• Records for this task:
=====

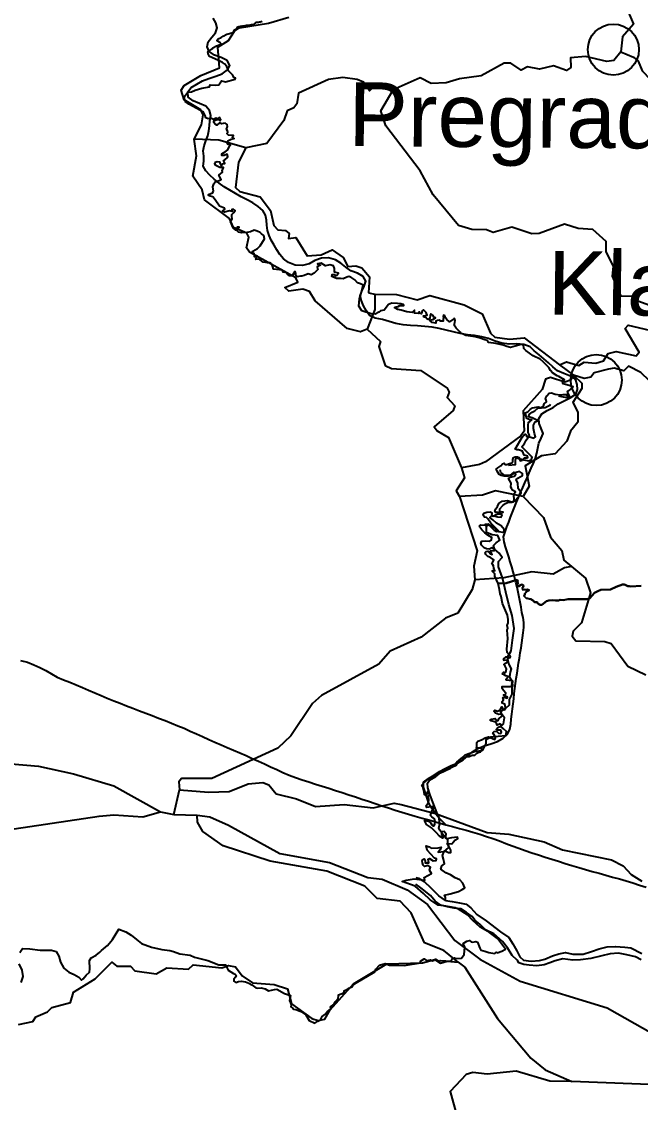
# Model space of a CAD drawing. Header units: metres. Extents: x 13.21 to 19.52, y 42.14 to 46.62.
# Drawn here: x 15.5378 to 15.7555, y 45.7928 to 46.1734 of the extents above; entities that cross this region are included whole.
import ezdxf

# ---------------------------------------------------------------- set-up
doc = ezdxf.new("R2010")
doc.units = ezdxf.units.M
doc.header["$MEASUREMENT"] = 0
for name, color, linetype in [('CESTE', 5, 'Continuous'), ('grad_manji', 1, 'Continuous'), ('hr', 9, 'Continuous'), ('naziv_manji', 1, 'Continuous'), ('PRUGE', 7, 'Continuous'), ('RIJEKE', 4, 'Continuous')]:
    doc.layers.add(name, color=color, linetype=linetype)
doc.styles.get("Standard").update_dxf_attribs({"font": 'arial.ttf'})

msp = doc.modelspace()

# ---------------------------------------------------------------- linework, layer by layer
at = {"layer": 'CESTE'}
for p, q in [((15.65992, 46.07787), (15.66212, 46.0774)), ((15.72713, 46.05249), (15.732, 46.04892)), ((15.59134, 45.89417), (15.5934, 45.90286)), ((15.58675, 45.89511), (15.59134, 45.89417)), ((15.59134, 45.89417), (15.59959, 45.89388)), ((15.7662, 45.79874), (15.73137, 45.80008))]:
    msp.add_line(p, q, dxfattribs=at)
for points in [[(15.68962, 46.21353), (15.68746, 46.21219), (15.68787, 46.21108), (15.69004, 46.20991), (15.69657, 46.20019), (15.69494, 46.19504), (15.69957, 46.19086), (15.71782, 46.19083), (15.72292, 46.18997), (15.727, 46.19191), (15.7295, 46.19227), (15.73707, 46.19096), (15.74481, 46.19139), (15.74694, 46.19053), (15.74877, 46.18713), (15.74648, 46.18405), (15.75022, 46.17932), (15.75314, 46.17254), (15.74924, 46.16803), (15.74871, 46.16277)], [(15.59857, 46.13195), (15.60117, 46.13702), (15.60166, 46.14062), (15.60092, 46.14231), (15.595, 46.14579), (15.59395, 46.14926), (15.59497, 46.15092), (15.60083, 46.15447), (15.6075, 46.15711), (15.6069, 46.16441), (15.61061, 46.1667), (15.61274, 46.17006), (15.61455, 46.17121), (15.62473, 46.17279), (15.63187, 46.17494)], [(15.74871, 46.16277), (15.74622, 46.15969), (15.74368, 46.1594), (15.73625, 46.16108), (15.731, 46.16062), (15.73108, 46.15726), (15.72951, 46.15615), (15.72492, 46.15787), (15.72003, 46.1566), (15.71587, 46.15745), (15.71359, 46.15632), (15.70991, 46.15877), (15.70764, 46.15881), (15.69948, 46.15426), (15.69185, 46.1533), (15.68723, 46.15178), (15.68195, 46.15156), (15.678, 46.15356), (15.6686, 46.14938)], [(15.74871, 46.16277), (15.75313, 46.16088), (15.75472, 46.1595), (15.75611, 46.15607), (15.76187, 46.15008), (15.76595, 46.14785), (15.77074, 46.14649), (15.78357, 46.14539), (15.78894, 46.14338)], [(15.6686, 46.14938), (15.66413, 46.15123), (15.66182, 46.15067), (15.66027, 46.14907), (15.65817, 46.15204), (15.65593, 46.15295), (15.65082, 46.15371), (15.64582, 46.15305), (15.63522, 46.14816), (15.63469, 46.14446), (15.63358, 46.14301), (15.6313, 46.14202), (15.63006, 46.13857), (15.62416, 46.13051), (15.61671, 46.12897)], [(15.76147, 46.07249), (15.75469, 46.07493), (15.75348, 46.07658), (15.74877, 46.07675), (15.74569, 46.0837), (15.74604, 46.08727), (15.74353, 46.09235), (15.74354, 46.09599), (15.7388, 46.10017), (15.73366, 46.10053), (15.72889, 46.10208), (15.71991, 46.09877), (15.71736, 46.0987), (15.71036, 46.10097), (15.70374, 46.09907), (15.70139, 46.10009), (15.69623, 46.10013), (15.6915, 46.10159), (15.68259, 46.11239), (15.67804, 46.1208), (15.66598, 46.13668), (15.66425, 46.14199), (15.6686, 46.14938)], [(15.65945, 46.06507), (15.65711, 46.06416), (15.6524, 46.0653), (15.64107, 46.07509), (15.63916, 46.07836), (15.63676, 46.0792), (15.63186, 46.07848), (15.63044, 46.07972), (15.63496, 46.0816), (15.6343, 46.08311), (15.61803, 46.09223), (15.61694, 46.09377), (15.61772, 46.09744), (15.61707, 46.09893), (15.6124, 46.10087), (15.61103, 46.10409), (15.60223, 46.11057), (15.60138, 46.11413), (15.59808, 46.11899), (15.59942, 46.1261), (15.59857, 46.13195)], [(15.61671, 46.12897), (15.6072, 46.13161), (15.59857, 46.13195)], [(15.61671, 46.12897), (15.6141, 46.12393), (15.61306, 46.11503), (15.61466, 46.11362), (15.62182, 46.11171), (15.62539, 46.1069), (15.62658, 46.10155), (15.62799, 46.10001), (15.63069, 46.09982), (15.63194, 46.09881), (15.63177, 46.09697), (15.63432, 46.09737), (15.63831, 46.09094), (15.64327, 46.0912), (15.64704, 46.09303), (15.65094, 46.09035), (15.65265, 46.08717), (15.65538, 46.08743), (15.65752, 46.08664), (15.66024, 46.08348), (15.65992, 46.07787)], [(15.66212, 46.0774), (15.66212, 46.07201), (15.65945, 46.06507)], [(15.66212, 46.0774), (15.66974, 46.0773), (15.67702, 46.07544), (15.68146, 46.07698), (15.69352, 46.07363), (15.69984, 46.07051), (15.70285, 46.06364), (15.70431, 46.06228), (15.70944, 46.06156), (15.71468, 46.06201), (15.72713, 46.05249)], [(15.65945, 46.06507), (15.66407, 46.06073), (15.66356, 46.05895), (15.66575, 46.05223), (15.668, 46.05127), (15.67824, 46.05052), (15.68753, 46.04435), (15.68821, 46.04285), (15.68757, 46.04104), (15.69023, 46.03813), (15.6897, 46.03638), (15.68304, 46.0307), (15.68399, 46.02928), (15.68804, 46.0269), (15.69256, 46.01628)], [(15.72713, 46.05249), (15.72959, 46.05353), (15.73388, 46.05225), (15.73573, 46.05347), (15.73988, 46.05312), (15.74254, 46.05398), (15.74424, 46.0565), (15.74704, 46.05726), (15.75401, 46.05563), (15.75515, 46.05703), (15.75021, 46.06527), (15.75129, 46.06654), (15.75879, 46.06475), (15.76399, 46.06502), (15.76831, 46.06676), (15.77459, 46.06563)], [(15.77441, 46.03851), (15.77192, 46.03779), (15.7696, 46.03799), (15.76009, 46.04091), (15.76176, 46.04225), (15.76167, 46.04401), (15.75564, 46.04983), (15.75141, 46.05202), (15.74967, 46.0504), (15.74631, 46.0513), (15.74431, 46.05102), (15.73925, 46.04969), (15.73808, 46.04819), (15.7358, 46.04771), (15.732, 46.04892)], [(15.732, 46.04892), (15.73091, 46.04716), (15.72891, 46.04646), (15.72393, 46.048), (15.7221, 46.0475), (15.72103, 46.04388), (15.71424, 46.03633), (15.71466, 46.02911), (15.71353, 46.02751), (15.70106, 46.01837), (15.69893, 46.01737), (15.69256, 46.01628)], [(15.732, 46.04892), (15.73491, 46.04602), (15.73498, 46.04419), (15.73181, 46.03927), (15.73348, 46.03585), (15.73349, 46.0323), (15.73093, 46.02919), (15.72965, 46.02568), (15.72559, 46.02112), (15.72074, 46.02046), (15.71501, 46.01692), (15.71643, 46.00983), (15.71428, 46.00619)], [(15.69256, 46.01628), (15.6936, 46.01277), (15.69067, 46.00818), (15.69194, 46.00619)], [(15.71428, 46.00619), (15.70452, 46.0081), (15.69997, 46.00656), (15.69194, 46.00619)], [(15.69194, 46.00619), (15.6981, 45.98701), (15.69692, 45.98165), (15.69729, 45.97685)], [(15.71428, 46.00619), (15.72146, 45.99872), (15.72387, 45.99177), (15.72788, 45.98716), (15.72861, 45.98372), (15.73133, 45.98152)], [(15.73133, 45.98152), (15.72881, 45.98104), (15.7249, 45.97875), (15.71736, 45.97962), (15.70748, 45.97751), (15.69729, 45.97685)], [(15.73133, 45.98152), (15.73621, 45.9774), (15.73804, 45.9722), (15.73486, 45.96164), (15.73184, 45.95874), (15.73157, 45.95695), (15.73279, 45.95526), (15.74301, 45.95506), (15.74524, 45.95439), (15.75117, 45.94637), (15.75741, 45.94329)], [(15.69729, 45.97685), (15.69635, 45.97334), (15.69136, 45.96509), (15.68694, 45.96329), (15.67836, 45.95659), (15.66756, 45.95165), (15.6635, 45.94709), (15.64331, 45.93605), (15.64012, 45.93323), (15.6325, 45.92183), (15.62796, 45.91749), (15.60475, 45.90678), (15.59409, 45.90684), (15.5931, 45.90569), (15.5934, 45.90286)], [(15.495, 45.91231), (15.52851, 45.91245), (15.54383, 45.9112), (15.55614, 45.90852), (15.57033, 45.90421), (15.58675, 45.89511)], [(15.5934, 45.90286), (15.60357, 45.90197), (15.61091, 45.90223), (15.61757, 45.90498), (15.62266, 45.90542), (15.62485, 45.90455), (15.62734, 45.90145), (15.6346, 45.89965), (15.64127, 45.89692), (15.65137, 45.8977), (15.66158, 45.89649), (15.66894, 45.89812), (15.67133, 45.8977), (15.68343, 45.89452), (15.70168, 45.88786), (15.7093, 45.88717), (15.72163, 45.88452), (15.72812, 45.88174), (15.74543, 45.87824), (15.7495, 45.87605), (15.75228, 45.87302), (15.75607, 45.87066)], [(15.49377, 45.88678), (15.49706, 45.88409), (15.49962, 45.8838), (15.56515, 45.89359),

=====

• Problem statement: Within the material above, output exactly the lines from the one with "for p, q in" through the one with "msp.add_line(p, q, dxfattribs=at)", end lines included, and nothing besides.

• Output below:
for p, q in [((15.65992, 46.07787), (15.66212, 46.0774)), ((15.72713, 46.05249), (15.732, 46.04892)), ((15.59134, 45.89417), (15.5934, 45.90286)), ((15.58675, 45.89511), (15.59134, 45.89417)), ((15.59134, 45.89417), (15.59959, 45.89388)), ((15.7662, 45.79874), (15.73137, 45.80008))]:
    msp.add_line(p, q, dxfattribs=at)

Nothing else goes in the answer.